WORK TO COMPLETE:
Restate exactly the lines that run from the start of the records below to the line containing "layer by layer", counting both ends, and nothing else; pictures stay out.

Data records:
= = =
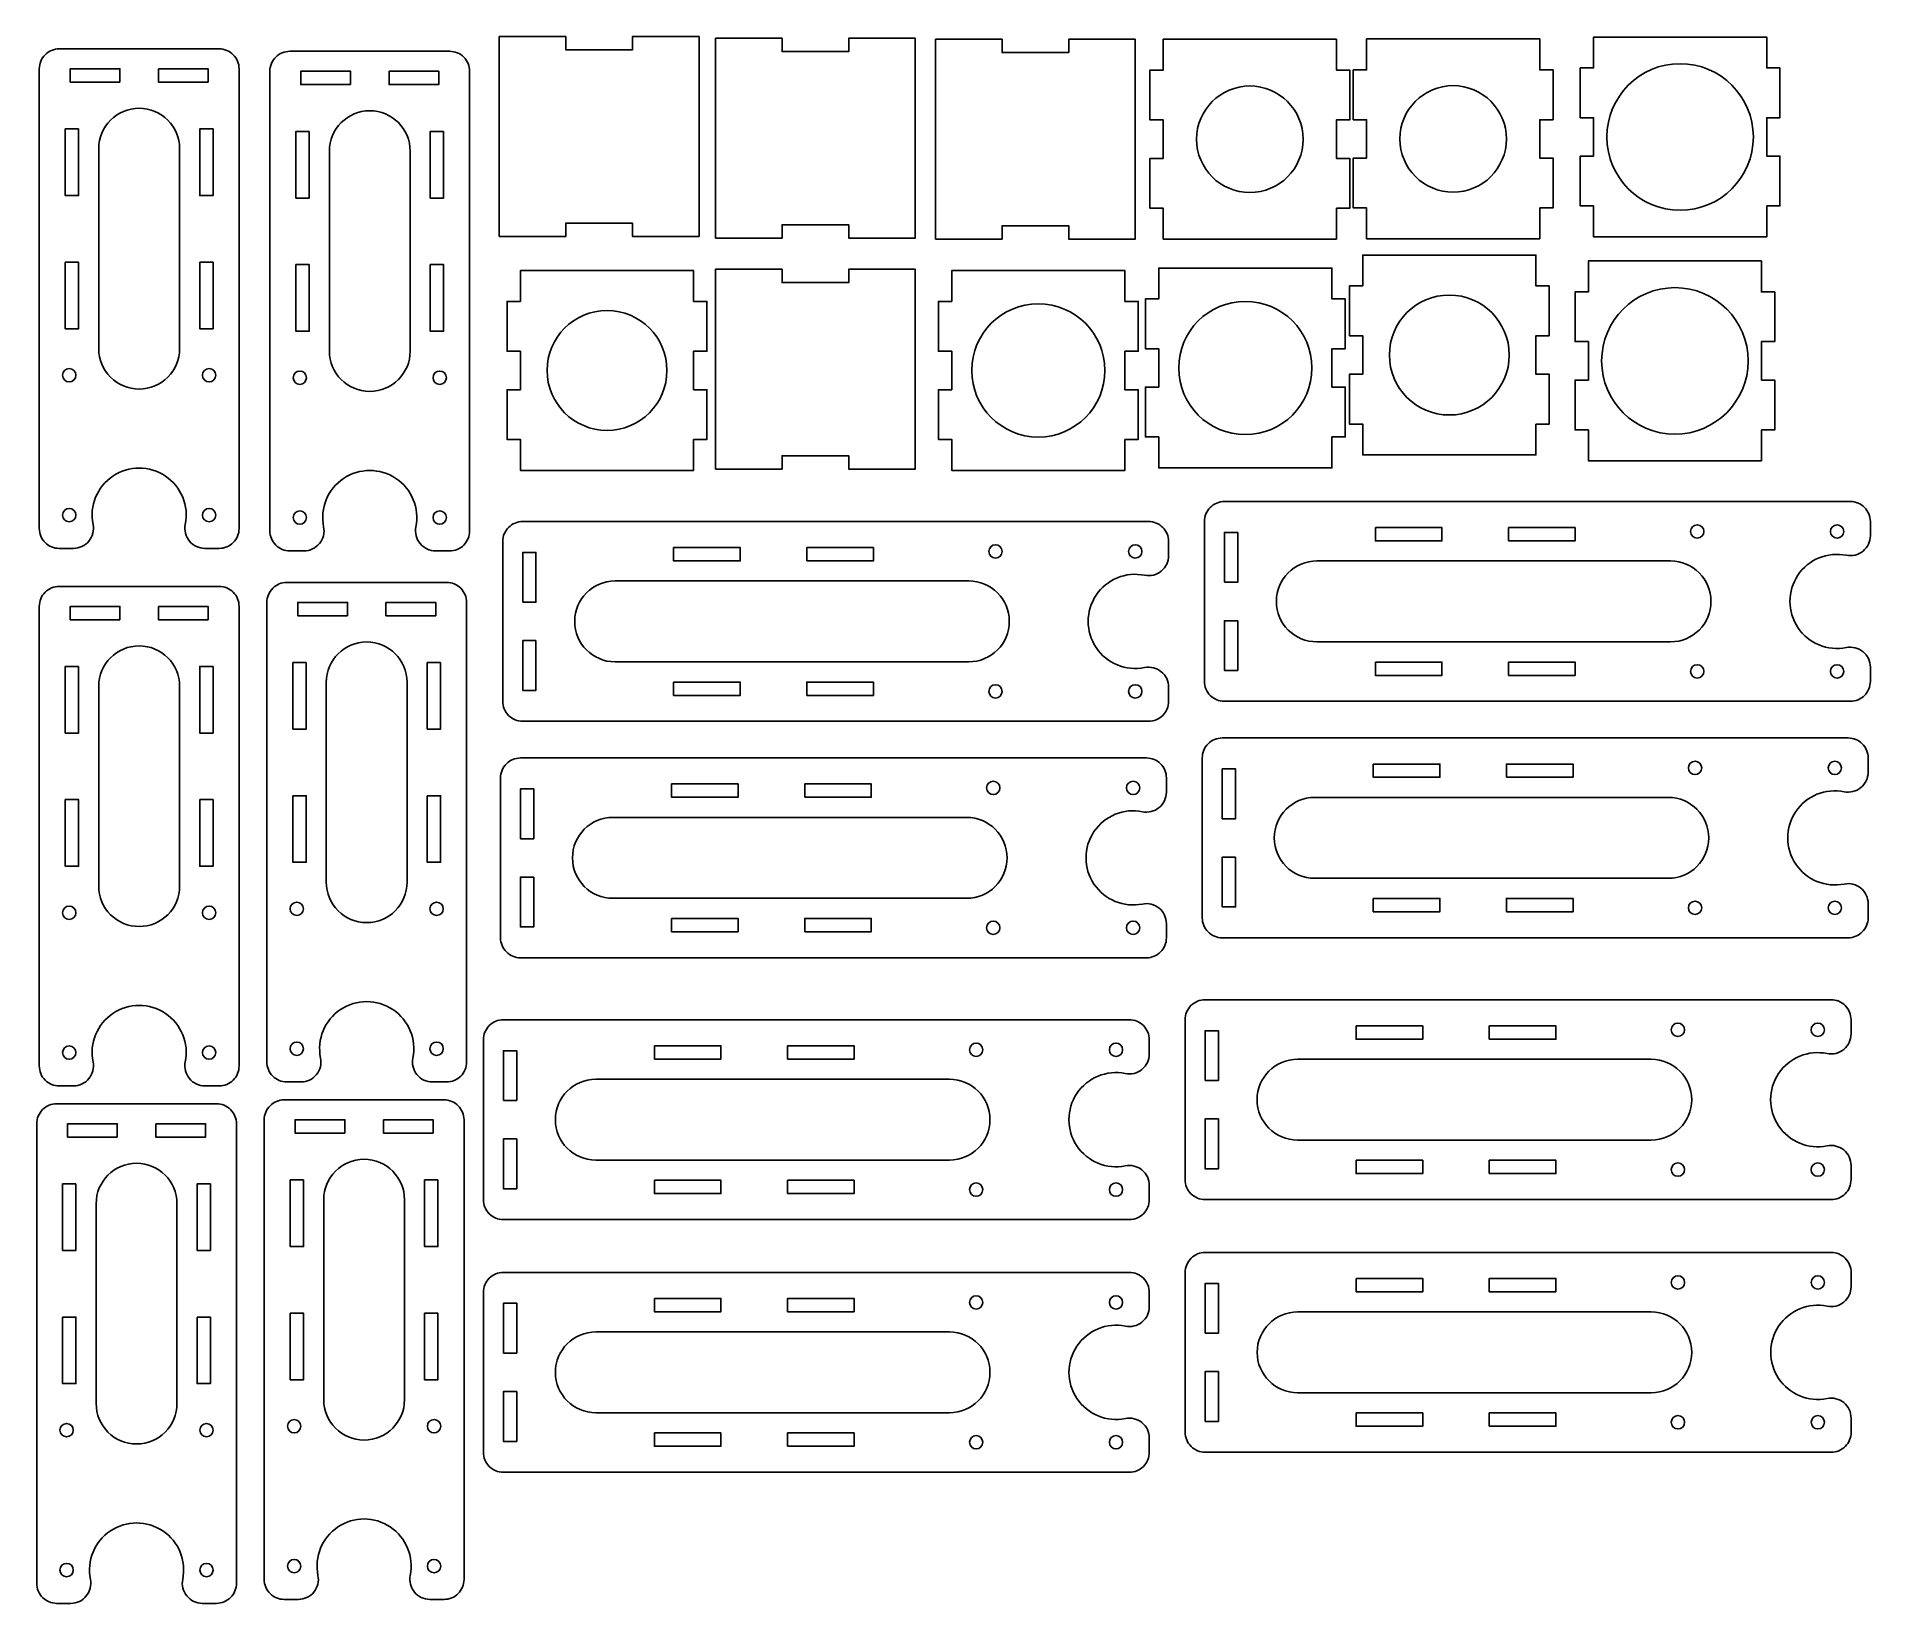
# Model space of a CAD drawing. Header units: millimetres. Extents: x -88 to 188, y -194 to 41.
import ezdxf

# ---------------------------------------------------------------- set-up
doc = ezdxf.new("R2010")
doc.units = ezdxf.units.MM
doc.header["$MEASUREMENT"] = 0

msp = doc.modelspace()

# ---------------------------------------------------------------- linework, layer by layer
for points in [[(-18.2, 11.37), (-18.2, 41.37), (-8.2, 41.37), (-8.2, 39.37), (1.8, 39.37), (1.8, 41.37), (11.8, 41.37), (11.8, 11.37), (1.8, 11.37), (1.8, 13.37), (-8.2, 13.37), (-8.2, 11.37)], [(172.12, 15.95), (172.12, 11.31), (146.12, 11.31), (146.12, 15.95), (144.12, 15.95), (144.12, 23.43), (146.12, 23.43), (146.12, 29.2), (144.12, 29.2), (144.12, 36.68), (146.12, 36.68), (146.12, 41.31), (172.12, 41.31), (172.12, 36.68), (174.12, 36.68), (174.12, 29.2), (172.12, 29.2), (172.12, 23.43), (174.12, 23.43), (174.12, 15.95)], [(14.27, 11.14), (14.27, 41.14), (24.27, 41.14), (24.27, 39.14), (34.27, 39.14), (34.27, 41.14), (44.27, 41.14), (44.27, 11.14), (34.27, 11.14), (34.27, 13.14), (24.27, 13.14), (24.27, 11.14)], [(47.31, 10.97), (47.31, 40.97), (57.31, 40.97), (57.31, 38.97), (67.31, 38.97), (67.31, 40.97), (77.31, 40.97), (77.31, 10.97), (67.31, 10.97), (67.31, 12.97), (57.31, 12.97), (57.31, 10.97)], [(107.51, 15.61), (107.51, 10.97), (81.51, 10.97), (81.51, 15.61), (79.51, 15.61), (79.51, 23.09), (81.51, 23.09), (81.51, 28.86), (79.51, 28.86), (79.51, 36.34), (81.51, 36.34), (81.51, 40.97), (107.51, 40.97), (107.51, 36.34), (109.51, 36.34), (109.51, 28.86), (107.51, 28.86), (107.51, 23.09), (109.51, 23.09), (109.51, 15.61)], [(138.04, 15.65), (138.04, 11.02), (112.04, 11.02), (112.04, 15.65), (110.04, 15.65), (110.04, 23.13), (112.04, 23.13), (112.04, 28.9), (110.04, 28.9), (110.04, 36.38), (112.04, 36.38), (112.04, 41.02), (138.04, 41.02), (138.04, 36.38), (140.04, 36.38), (140.04, 28.9), (138.04, 28.9), (138.04, 23.13), (140.04, 23.13), (140.04, 15.65)], [(-75.16, 34.54), (-75.16, 36.54), (-82.64, 36.54), (-82.64, 34.54)], [(-69.39, 36.54), (-69.39, 34.54), (-61.92, 34.54), (-61.92, 36.54)], [(-40.54, 34.17), (-40.54, 36.17), (-48.01, 36.17), (-48.01, 34.17)], [(-34.76, 36.17), (-34.76, 34.17), (-27.29, 34.17), (-27.29, 36.17)], [(-81.37, 27.51), (-83.37, 27.51), (-83.37, 17.51), (-81.37, 17.51)], [(-61.18, 27.51), (-63.18, 27.51), (-63.18, 17.51), (-61.18, 17.51)], [(-46.75, 27.14), (-48.75, 27.14), (-48.75, 17.14), (-46.75, 17.14)], [(-26.56, 27.14), (-28.56, 27.14), (-28.56, 17.14), (-26.56, 17.14)], [(137.46, -16.79), (137.46, -21.43), (111.46, -21.43), (111.46, -16.79), (109.46, -16.79), (109.46, -9.31), (111.46, -9.31), (111.46, -3.54), (109.46, -3.54), (109.46, 3.94), (111.46, 3.94), (111.46, 8.57), (137.46, 8.57), (137.46, 3.94), (139.46, 3.94), (139.46, -3.54), (137.46, -3.54), (137.46, -9.31), (139.46, -9.31), (139.46, -16.79)], [(-83.37, 7.51), (-83.37, -2.49), (-81.37, -2.49), (-81.37, 7.51)], [(-63.18, 7.51), (-63.18, -2.49), (-61.18, -2.49), (-61.18, 7.51)], [(-48.75, 7.14), (-48.75, -2.86), (-46.75, -2.86), (-46.75, 7.14)], [(-28.56, 7.14), (-28.56, -2.86), (-26.56, -2.86), (-26.56, 7.14)], [(10.98, -19.1), (10.98, -23.74), (-15.02, -23.74), (-15.02, -19.1), (-17.02, -19.1), (-17.02, -11.63), (-15.02, -11.63), (-15.02, -5.85), (-17.02, -5.85), (-17.02, 1.62), (-15.02, 1.62), (-15.02, 6.26), (10.98, 6.26), (10.98, 1.62), (12.98, 1.62), (12.98, -5.85), (10.98, -5.85), (10.98, -11.63), (12.98, -11.63), (12.98, -19.1)], [(14.27, -23.55), (14.27, 6.45), (24.27, 6.45), (24.27, 4.45), (34.27, 4.45), (34.27, 6.45), (44.27, 6.45), (44.27, -23.55), (34.27, -23.55), (34.27, -21.55), (24.27, -21.55), (24.27, -23.55)], [(75.75, -19.1), (75.75, -23.74), (49.75, -23.74), (49.75, -19.1), (47.75, -19.1), (47.75, -11.63), (49.75, -11.63), (49.75, -5.85), (47.75, -5.85), (47.75, 1.62), (49.75, 1.62), (49.75, 6.26), (75.75, 6.26), (75.75, 1.62), (77.75, 1.62), (77.75, -5.85), (75.75, -5.85), (75.75, -11.63), (77.75, -11.63), (77.75, -19.1)], [(106.83, -18.73), (106.83, -23.37), (80.83, -23.37), (80.83, -18.73), (78.83, -18.73), (78.83, -11.25), (80.83, -11.25), (80.83, -5.48), (78.83, -5.48), (78.83, 1.99), (80.83, 1.99), (80.83, 6.63), (106.83, 6.63), (106.83, 1.99), (108.83, 1.99), (108.83, -5.48), (106.83, -5.48), (106.83, -11.25), (108.83, -11.25), (108.83, -18.73)], [(171.34, -17.67), (171.34, -22.31), (145.34, -22.31), (145.34, -17.67), (143.34, -17.67), (143.34, -10.2), (145.34, -10.2), (145.34, -4.42), (143.34, -4.42), (143.34, 3.05), (145.34, 3.05), (145.34, 7.69), (171.34, 7.69), (171.34, 3.05), (173.34, 3.05), (173.34, -4.42), (171.34, -4.42), (171.34, -10.2), (173.34, -10.2), (173.34, -17.67)], [(113.36, -32.33), (113.36, -34.33), (123.36, -34.33), (123.36, -32.33)], [(133.36, -34.33), (143.36, -34.33), (143.36, -32.33), (133.36, -32.33)], [(7.98, -35.33), (7.98, -37.33), (17.98, -37.33), (17.98, -35.33)], [(27.98, -37.33), (37.98, -37.33), (37.98, -35.33), (27.98, -35.33)], [(90.69, -40.54), (92.69, -40.54), (92.69, -33.06), (90.69, -33.06)], [(-14.69, -43.54), (-12.69, -43.54), (-12.69, -36.06), (-14.69, -36.06)], [(-40.99, -45.57), (-40.99, -43.57), (-48.47, -43.57), (-48.47, -45.57)], [(-35.22, -43.57), (-35.22, -45.57), (-27.75, -45.57), (-27.75, -43.57)], [(-75.16, -46.16), (-75.16, -44.16), (-82.64, -44.16), (-82.64, -46.16)], [(-69.39, -44.16), (-69.39, -46.16), (-61.92, -46.16), (-61.92, -44.16)], [(92.69, -46.31), (90.69, -46.31), (90.69, -53.79), (92.69, -53.79)], [(-12.69, -49.31), (-14.69, -49.31), (-14.69, -56.79), (-12.69, -56.79)], [(-81.37, -53.18), (-83.37, -53.18), (-83.37, -63.18), (-81.37, -63.18)], [(-61.18, -53.18), (-63.18, -53.18), (-63.18, -63.18), (-61.18, -63.18)], [(-47.2, -52.59), (-49.2, -52.59), (-49.2, -62.59), (-47.2, -62.59)], [(-27.01, -52.59), (-29.01, -52.59), (-29.01, -62.59), (-27.01, -62.59)], [(113.36, -52.52), (113.36, -54.52), (123.36, -54.52), (123.36, -52.52)], [(133.36, -54.52), (143.36, -54.52), (143.36, -52.52), (133.36, -52.52)], [(7.98, -55.52), (7.98, -57.52), (17.98, -57.52), (17.98, -55.52)], [(27.98, -57.52), (37.98, -57.52), (37.98, -55.52), (27.98, -55.52)], [(90.36, -76.04), (92.36, -76.04), (92.36, -68.56), (90.36, -68.56)], [(113.04, -67.83), (113.04, -69.83), (123.04, -69.83), (123.04, -67.83)], [(133.04, -69.83), (143.04, -69.83), (143.04, -67.83), (133.04, -67.83)], [(-15.02, -79.04), (-13.02, -79.04), (-13.02, -71.56), (-15.02, -71.56)], [(7.66, -70.83), (7.66, -72.83), (17.66, -72.83), (17.66, -70.83)], [(27.66, -72.83), (37.66, -72.83), (37.66, -70.83), (27.66, -70.83)], [(-83.37, -73.18), (-83.37, -83.18), (-81.37, -83.18), (-81.37, -73.18)], [(-63.18, -73.18), (-63.18, -83.18), (-61.18, -83.18), (-61.18, -73.18)], [(-49.2, -72.59), (-49.2, -82.59), (-47.2, -82.59), (-47.2, -72.59)], [(-29.01, -72.59), (-29.01, -82.59), (-27.01, -82.59), (-27.01, -72.59)], [(92.36, -81.81), (90.36, -81.81), (90.36, -89.29), (92.36, -89.29)], [(-13.02, -84.81), (-15.02, -84.81), (-15.02, -92.29), (-13.02, -92.29)], [(113.04, -88.02), (113.04, -90.02), (123.04, -90.02), (123.04, -88.02)], [(133.04, -90.02), (143.04, -90.02), (143.04, -88.02), (133.04, -88.02)], [(7.66, -91.02), (7.66, -93.02), (17.66, -93.02), (17.66, -91.02)], [(27.66, -93.02), (37.66, -93.02), (37.66, -91.02), (27.66, -91.02)], [(110.47, -107.14), (110.47, -109.14), (120.47, -109.14), (120.47, -107.14)], [(130.47, -109.14), (140.47, -109.14), (140.47, -107.14), (130.47, -107.14)], [(5.09, -110.14), (5.09, -112.14), (15.09, -112.14), (15.09, -110.14)], [(25.09, -112.14), (35.09, -112.14), (35.09, -110.14), (25.09, -110.14)], [(87.79, -115.34), (89.79, -115.34), (89.79, -107.87), (87.79, -107.87)], [(-17.59, -118.34), (-15.59, -118.34), (-15.59, -110.87), (-17.59, -110.87)], [(89.79, -121.12), (87.79, -121.12), (87.79, -128.59), (89.79, -128.59)], [(-75.56, -123.84), (-75.56, -121.84), (-83.03, -121.84), (-83.03, -123.84)], [(-69.78, -121.84), (-69.78, -123.84), (-62.31, -123.84), (-62.31, -121.84)], [(-41.39, -123.25), (-41.39, -121.25), (-48.86, -121.25), (-48.86, -123.25)], [(-35.61, -121.25), (-35.61, -123.25), (-28.14, -123.25), (-28.14, -121.25)], [(-15.59, -124.12), (-17.59, -124.12), (-17.59, -131.59), (-15.59, -131.59)], [(110.47, -127.32), (110.47, -129.32), (120.47, -129.32), (120.47, -127.32)], [(130.47, -129.32), (140.47, -129.32), (140.47, -127.32), (130.47, -127.32)], [(-81.77, -130.86), (-83.77, -130.86), (-83.77, -140.86), (-81.77, -140.86)], [(-61.58, -130.86), (-63.58, -130.86), (-63.58, -140.86), (-61.58, -140.86)], [(-47.6, -130.28), (-49.6, -130.28), (-49.6, -140.28), (-47.6, -140.28)], [(-27.41, -130.28), (-29.41, -130.28), (-29.41, -140.28), (-27.41, -140.28)], [(5.09, -130.32), (5.09, -132.32), (15.09, -132.32), (15.09, -130.32)], [(25.09, -132.32), (35.09, -132.32), (35.09, -130.32), (25.09, -130.32)], [(87.8, -153.28), (89.8, -153.28), (89.8, -145.8), (87.8, -145.8)], [(110.47, -145.07), (110.47, -147.07), (120.47, -147.07), (120.47, -145.07)], [(130.47, -147.07), (140.47, -147.07), (140.47, -145.07), (130.47, -145.07)], [(5.09, -148.07), (5.09, -150.07), (15.09, -150.07), (15.09, -148.07)], [(25.09, -150.07), (35.09, -150.07), (35.09, -148.07), (25.09, -148.07)], [(-83.77, -150.86), (-83.77, -160.86), (-81.77, -160.86), (-81.77, -150.86)], [(-63.58, -150.86), (-63.58, -160.86), (-61.58, -160.86), (-61.58, -150.86)], [(-49.6, -150.28), (-49.6, -160.28), (-47.6, -160.28), (-47.6, -150.28)], [(-29.41, -150.28), (-29.41, -160.28), (-27.41, -160.28), (-27.41, -150.28)], [(-17.59, -156.28), (-15.59, -156.28), (-15.59, -148.8), (-17.59, -148.8)], [(89.8, -159.05), (87.8, -159.05), (87.8, -166.53), (89.8, -166.53)], [(-15.59, -162.05), (-17.59, -162.05), (-17.59, -169.53), (-15.59, -169.53)], [(110.47, -165.26), (110.47, -167.26), (120.47, -167.26), (120.47, -165.26)], [(130.47, -167.26), (140.47, -167.26), (140.47, -165.26), (130.47, -165.26)], [(5.09, -168.26), (5.09, -170.26), (15.09, -170.26), (15.09, -168.26)], [(25.09, -170.26), (35.09, -170.26), (35.09, -168.26), (25.09, -168.26)]]:
    msp.add_lwpolyline(points, close=True)
for points in [[(-87.28, 36.54, -0.414214), (-84.28, 39.54), (-60.28, 39.54, -0.414214), (-57.28, 36.54), (-57.28, -32.46, -0.414214), (-60.28, -35.46), (-62.41, -35.46, -0.474057), (-65.35, -31.87, 1.222946), (-79.21, -31.87, -0.474057), (-82.15, -35.46), (-84.28, -35.46, -0.414214), (-87.28, -32.46)], [(-52.65, 36.17, -0.414214), (-49.65, 39.17), (-25.65, 39.17, -0.414214), (-22.65, 36.17), (-22.65, -32.83, -0.414214), (-25.65, -35.83), (-27.78, -35.83, -0.474057), (-30.72, -32.24, 1.222946), (-44.58, -32.24, -0.474057), (-47.52, -35.83), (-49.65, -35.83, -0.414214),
= = =
EXERCISE SOLUTION:
# Model space of a CAD drawing. Header units: millimetres. Extents: x -88 to 188, y -194 to 41.
import ezdxf

# ---------------------------------------------------------------- set-up
doc = ezdxf.new("R2010")
doc.units = ezdxf.units.MM
doc.header["$MEASUREMENT"] = 0

msp = doc.modelspace()

# ---------------------------------------------------------------- linework, layer by layer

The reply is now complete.